I don't think family worship is a command, but it best fulfills the other commands given about families loving, serving, and learning about God.

Keep up the great job!


----------



## Smeagol (Jun 28, 2018)

Ryan&Amber2013 said:


> Wow, that all sounds amazing, brother!. We do morning and evening, but it is much shorter than yours. We read a bit, talk about the passage, pray, and sing a song.
> 
> I don't think family worship is a command, but it best fulfills the other commands given about families loving, serving, and learning about God.
> 
> Keep up the great job!


Thanks brother. I know everyone does it differently, which I find interesting (in a good way.


----------



## Steve Curtis (Jun 28, 2018)

Scripture seems to be quite clear about the responsibility of parents to raise their children in the knowledge of the Lord (Gn. 18:19; Deut. 4:9, 6:7, 11:19, 32:46; Pr. 1:8, 4:1ff; Eph. 6:4; etc.), and I take that to mean something akin to intentional family worship, in addition to, more broadly, ongoing, perpetual nurture and counsel in the midst of child-rearing.

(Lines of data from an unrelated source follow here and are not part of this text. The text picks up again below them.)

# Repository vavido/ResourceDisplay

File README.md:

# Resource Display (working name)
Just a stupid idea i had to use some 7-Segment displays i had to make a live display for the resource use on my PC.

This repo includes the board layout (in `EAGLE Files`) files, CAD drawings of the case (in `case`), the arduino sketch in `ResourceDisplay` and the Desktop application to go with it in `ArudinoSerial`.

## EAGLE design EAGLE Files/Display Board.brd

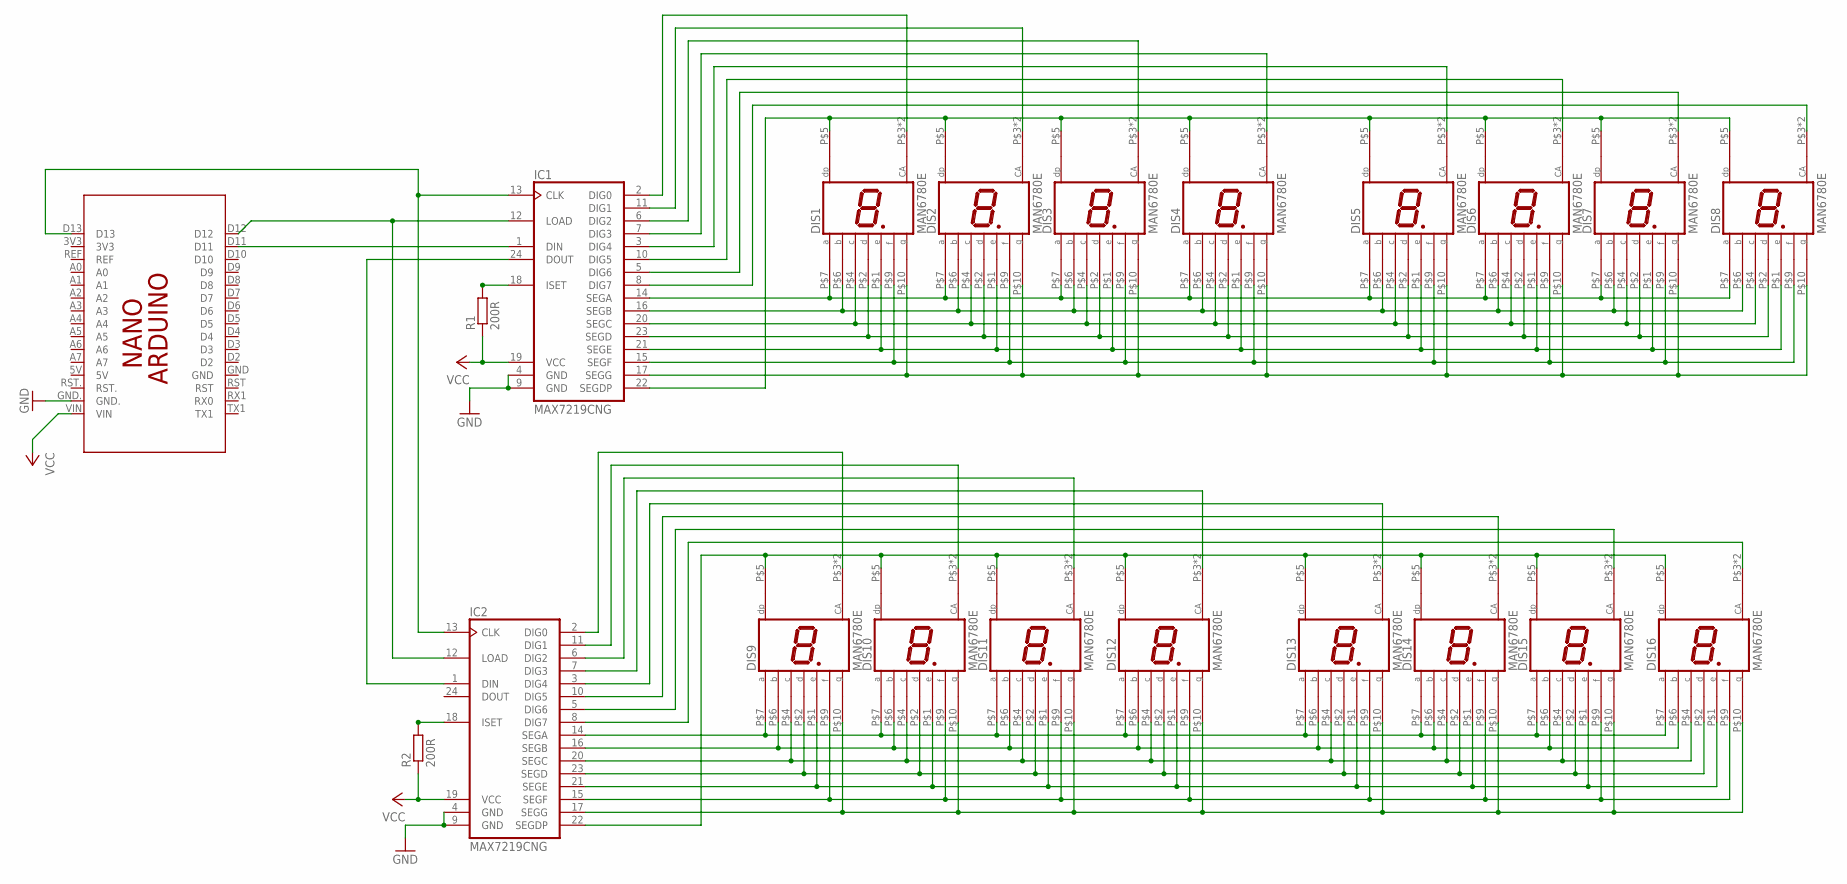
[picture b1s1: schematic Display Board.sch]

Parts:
DIS1, DIS2, DIS3, DIS4, DIS5, DIS6, DIS7, DIS8, DIS9, DIS10, DIS11, DIS12, DIS13, DIS14, DIS15, DIS16: MAN6780E; MAN6780
IC1, IC2: MAX7219CNG; DIL24-3
PCB1: ARDUINO_NANO
R1, R2: 200R; M1206

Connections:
GND: IC1.4 (GND), IC1.9 (GND), IC2.4 (GND), IC2.9 (GND), PCB1.GND.
unnamed: DIS1.P$7 (A), DIS2.P$7 (A), DIS3.P$7 (A), DIS4.P$7 (A), DIS5.P$7 (A), DIS6.P$7 (A), DIS7.P$7 (A), DIS8.P$7 (A), IC1.14 (SEGA)
unnamed: DIS1.P$6 (B), DIS2.P$6 (B), DIS3.P$6 (B), DIS4.P$6 (B), DIS5.P$6 (B), DIS6.P$6 (B), DIS7.P$6 (B), DIS8.P$6 (B), IC1.16 (SEGB)
unnamed: DIS1.P$4 (C), DIS2.P$4 (C), DIS3.P$4 (C), DIS4.P$4 (C), DIS5.P$4 (C), DIS6.P$4 (C), DIS7.P$4 (C), DIS8.P$4 (C), IC1.20 (SEGC)
unnamed: DIS1.P$2 (D), DIS2.P$2 (D), DIS3.P$2 (D), DIS4.P$2 (D), DIS5.P$2 (D), DIS6.P$2 (D), DIS7.P$2 (D), DIS8.P$2 (D), IC1.23 (SEGD)
unnamed: DIS1.P$1 (E), DIS2.P$1 (E), DIS3.P$1 (E), DIS4.P$1 (E), DIS5.P$1 (E), DIS6.P$1 (E), DIS7.P$1 (E), DIS8.P$1 (E), IC1.21 (SEGE)
unnamed: DIS1.P$9 (F), DIS2.P$9 (F), DIS3.P$9 (F), DIS4.P$9 (F), DIS5.P$9 (F), DIS6.P$9 (F), DIS7.P$9 (F), DIS8.P$9 (F), IC1.15 (SEGF)
unnamed: DIS1.P$10 (G), DIS2.P$10 (G), DIS3.P$10 (G), DIS4.P$10 (G), DIS5.P$10 (G), DIS6.P$10 (G), DIS7.P$10 (G), DIS8.P$10 (G), IC1.17 (SEGG)
unnamed: DIS1.P$5 (DP), DIS2.P$5 (DP), DIS3.P$5 (DP), DIS4.P$5 (DP), DIS5.P$5 (DP), DIS6.P$5 (DP), DIS7.P$5 (DP), DIS8.P$5 (DP), IC1.22 (SEGDP)
unnamed: DIS1.P$3 (CA), DIS1.P$8 (CA), IC1.2 (DIG0)
unnamed: DIS2.P$3 (CA), DIS2.P$8 (CA), IC1.11 (DIG1)
unnamed: DIS3.P$3 (CA), DIS3.P$8 (CA), IC1.6 (DIG2)
unnamed: DIS4.P$3 (CA), DIS4.P$8 (CA), IC1.7 (DIG3)
unnamed: DIS5.P$3 (CA), DIS5.P$8 (CA), IC1.3 (DIG4)
unnamed: DIS6.P$3 (CA), DIS6.P$8 (CA), IC1.10 (DIG5)
unnamed: DIS9.P$7 (A), DIS10.P$7 (A), DIS11.P$7 (A), DIS12.P$7 (A), DIS13.P$7 (A), DIS14.P$7 (A), DIS15.P$7 (A), DIS16.P$7 (A), IC2.14 (SEGA)
unnamed: DIS8.P$3 (CA), DIS8.P$8 (CA), IC1.8 (DIG7)
unnamed: DIS9.P$6 (B), DIS10.P$6 (B), DIS11.P$6 (B), DIS12.P$6 (B), DIS13.P$6 (B), DIS14.P$6 (B), DIS15.P$6 (B), DIS16.P$6 (B), IC2.16 (SEGB)
unnamed: DIS7.P$3 (CA), DIS7.P$8 (CA), IC1.5 (DIG6)
unnamed: DIS9.P$4 (C), DIS10.P$4 (C), DIS11.P$4 (C), DIS12.P$4 (C), DIS13.P$4 (C), DIS14.P$4 (C), DIS15.P$4 (C), DIS16.P$4 (C), IC2.20 (SEGC)
unnamed: DIS9.P$2 (D), DIS10.P$2 (D), DIS11.P$2 (D), DIS12.P$2 (D), DIS13.P$2 (D), DIS14.P$2 (D), DIS15.P$2 (D), DIS16.P$2 (D), IC2.23 (SEGD)
unnamed: DIS9.P$1 (E), DIS10.P$1 (E), DIS11.P$1 (E), DIS12.P$1 (E), DIS13.P$1 (E), DIS14.P$1 (E), DIS15.P$1 (E), DIS16.P$1 (E), IC2.21 (SEGE)
unnamed: DIS9.P$9 (F), DIS10.P$9 (F), DIS11.P$9 (F), DIS12.P$9 (F), DIS13.P$9 (F), DIS14.P$9 (F), DIS15.P$9 (F), DIS16.P$9 (F), IC2.15 (SEGF)
unnamed: IC1.18 (ISET), R1.2
unnamed: DIS9.P$10 (G), DIS10.P$10 (G), DIS11.P$10 (G), DIS12.P$10 (G), DIS13.P$10 (G), DIS14.P$10 (G), DIS15.P$10 (G), DIS16.P$10 (G), IC2.17 (SEGG)
unnamed: DIS9.P$5 (DP), DIS10.P$5 (DP), DIS11.P$5 (DP), DIS12.P$5 (DP), DIS13.P$5 (DP), DIS14.P$5 (DP), DIS15.P$5 (DP), DIS16.P$5 (DP), IC2.22 (SEGDP)
unnamed: DIS9.P$3 (CA), DIS9.P$8 (CA), IC2.2 (DIG0)
unnamed: DIS10.P$3 (CA), DIS10.P$8 (CA), IC2.11 (DIG1)
unnamed: DIS11.P$3 (CA), DIS11.P$8 (CA), IC2.6 (DIG2)
unnamed: DIS12.P$3 (CA), DIS12.P$8 (CA), IC2.7 (DIG3)
unnamed: DIS13.P$3 (CA), DIS13.P$8 (CA), IC2.3 (DIG4)
unnamed: DIS14.P$3 (CA), DIS14.P$8 (CA), IC2.10 (DIG5)
unnamed: DIS16.P$3 (CA), DIS16.P$8 (CA), IC2.8 (DIG7)
unnamed: DIS15.P$3 (CA), DIS15.P$8 (CA), IC2.5 (DIG6)
unnamed: IC2.18 (ISET), R2.2
unnamed: IC1.24 (DOUT), IC2.1 (DIN)
unnamed: IC1.13 (CLK), IC2.13 (CLK), PCB1.D13
unnamed: IC1.12 (LOAD), IC2.12 (LOAD), PCB1.D12
unnamed: IC1.1 (DIN), PCB1.D11
VCC: IC1.19 (VCC), IC2.19 (VCC), PCB1.VIN, R1.1, R2.1

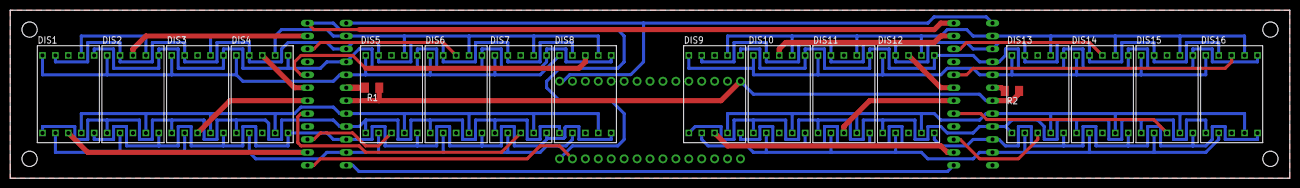
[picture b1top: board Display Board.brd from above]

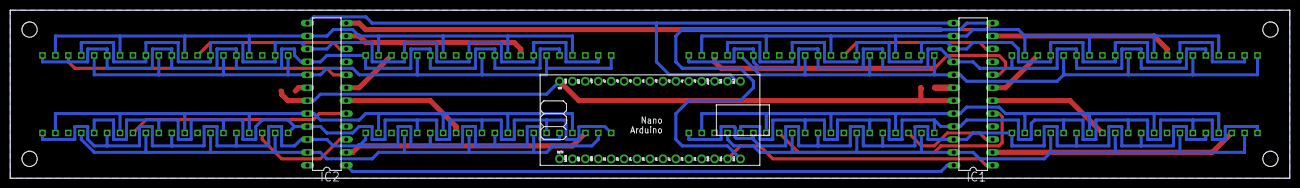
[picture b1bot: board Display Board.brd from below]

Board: 2 copper layers, 251.5 x 33.0 mm, 21 parts (3 on the bottom side), 40 nets.

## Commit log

2017-05-26 add gitignore
2017-05-26 renamed folder
2017-05-27 fixed typos in arduino project
2017-05-27 ignore cache files
2017-05-27 Completed parsing locig on arduino side
2017-05-30 Ignore build files, fix arduino compiler errors
2017-05-30 added SerialConnection class
2017-05-30 added test interface
2017-05-30 chanded baudrate
2017-05-30 changed display brightness
2017-06-15 started designing case
2017-06-17 added system monitor, some refactoring
2017-06-17 chanded logic for displaying float values
2017-06-17 update documentation
2017-07-19 add test sketch
2017-07-26 case design and code tests
2017-07-27 Auto stash before merge of "master" and "origin/master"
2017-08-23 finish case design
2017-08-28 first test with real performance counter
2017-09-20 change case for easier printing
2017-10-12 chamfer edges
2018-10-23 add ring buffer class
2018-10-23 restructure repo
2018-10-23 add documentation
2018-10-23 code cleanup

We have a 2-year-old and a 3-year-old, and our nightly family worship looks like this: Scripture reading, catechesis, singing of a Psalm, and prayer. I would say that the form is not as important as the substance; just make sure that you are introducing your children to the Bible, prayer, and – especially – that you are letting him/her hear you asking God for forgiveness for your own sinfulness and praising God for His faithfulness.


----------



## Stephen L Smith (Jun 29, 2018)

Reformation Heritage Books have been promoting this very comprehensive work Family Worship Bible Commentary: 3 Volume Set


----------



## Edward (Jun 29, 2018)

Grant.Jones said:


> Answer the Poll Question



You could get a job with the media or a political organization with your skill in wording a push poll.

Reactions: Funny 2


----------



## NaphtaliPress (Jun 29, 2018)

For those who are saying it is not a sin to neglect it, why do you conclude that (having a family is presumed of course)? If it is established that it is a duty per the fourth command (at least), as it has been by Reformed theologians, then to neglect it is a sin. Correct? Durham for instance has a substantial excuses on this subject in his treatment of the fourth commandment.

Reactions: Like 2


----------



## earl40 (Jun 29, 2018)

Though I answered yes I think a definition of what is entailed in family worship would be apropos in the question. Take for instance the idea of bowing ones head in worship before meals. While I think it is fine to do such in ones house I personally do not encourage such outside of the home. Am I not still worshipping Our Lord if I say a word of thankfulness to Him before a meal at McDonalds?


----------



## Smeagol (Jun 29, 2018)

Set[/QUOTE]


Edward said:


> You could get a job with the media or a political organization with your skill in wording a push poll.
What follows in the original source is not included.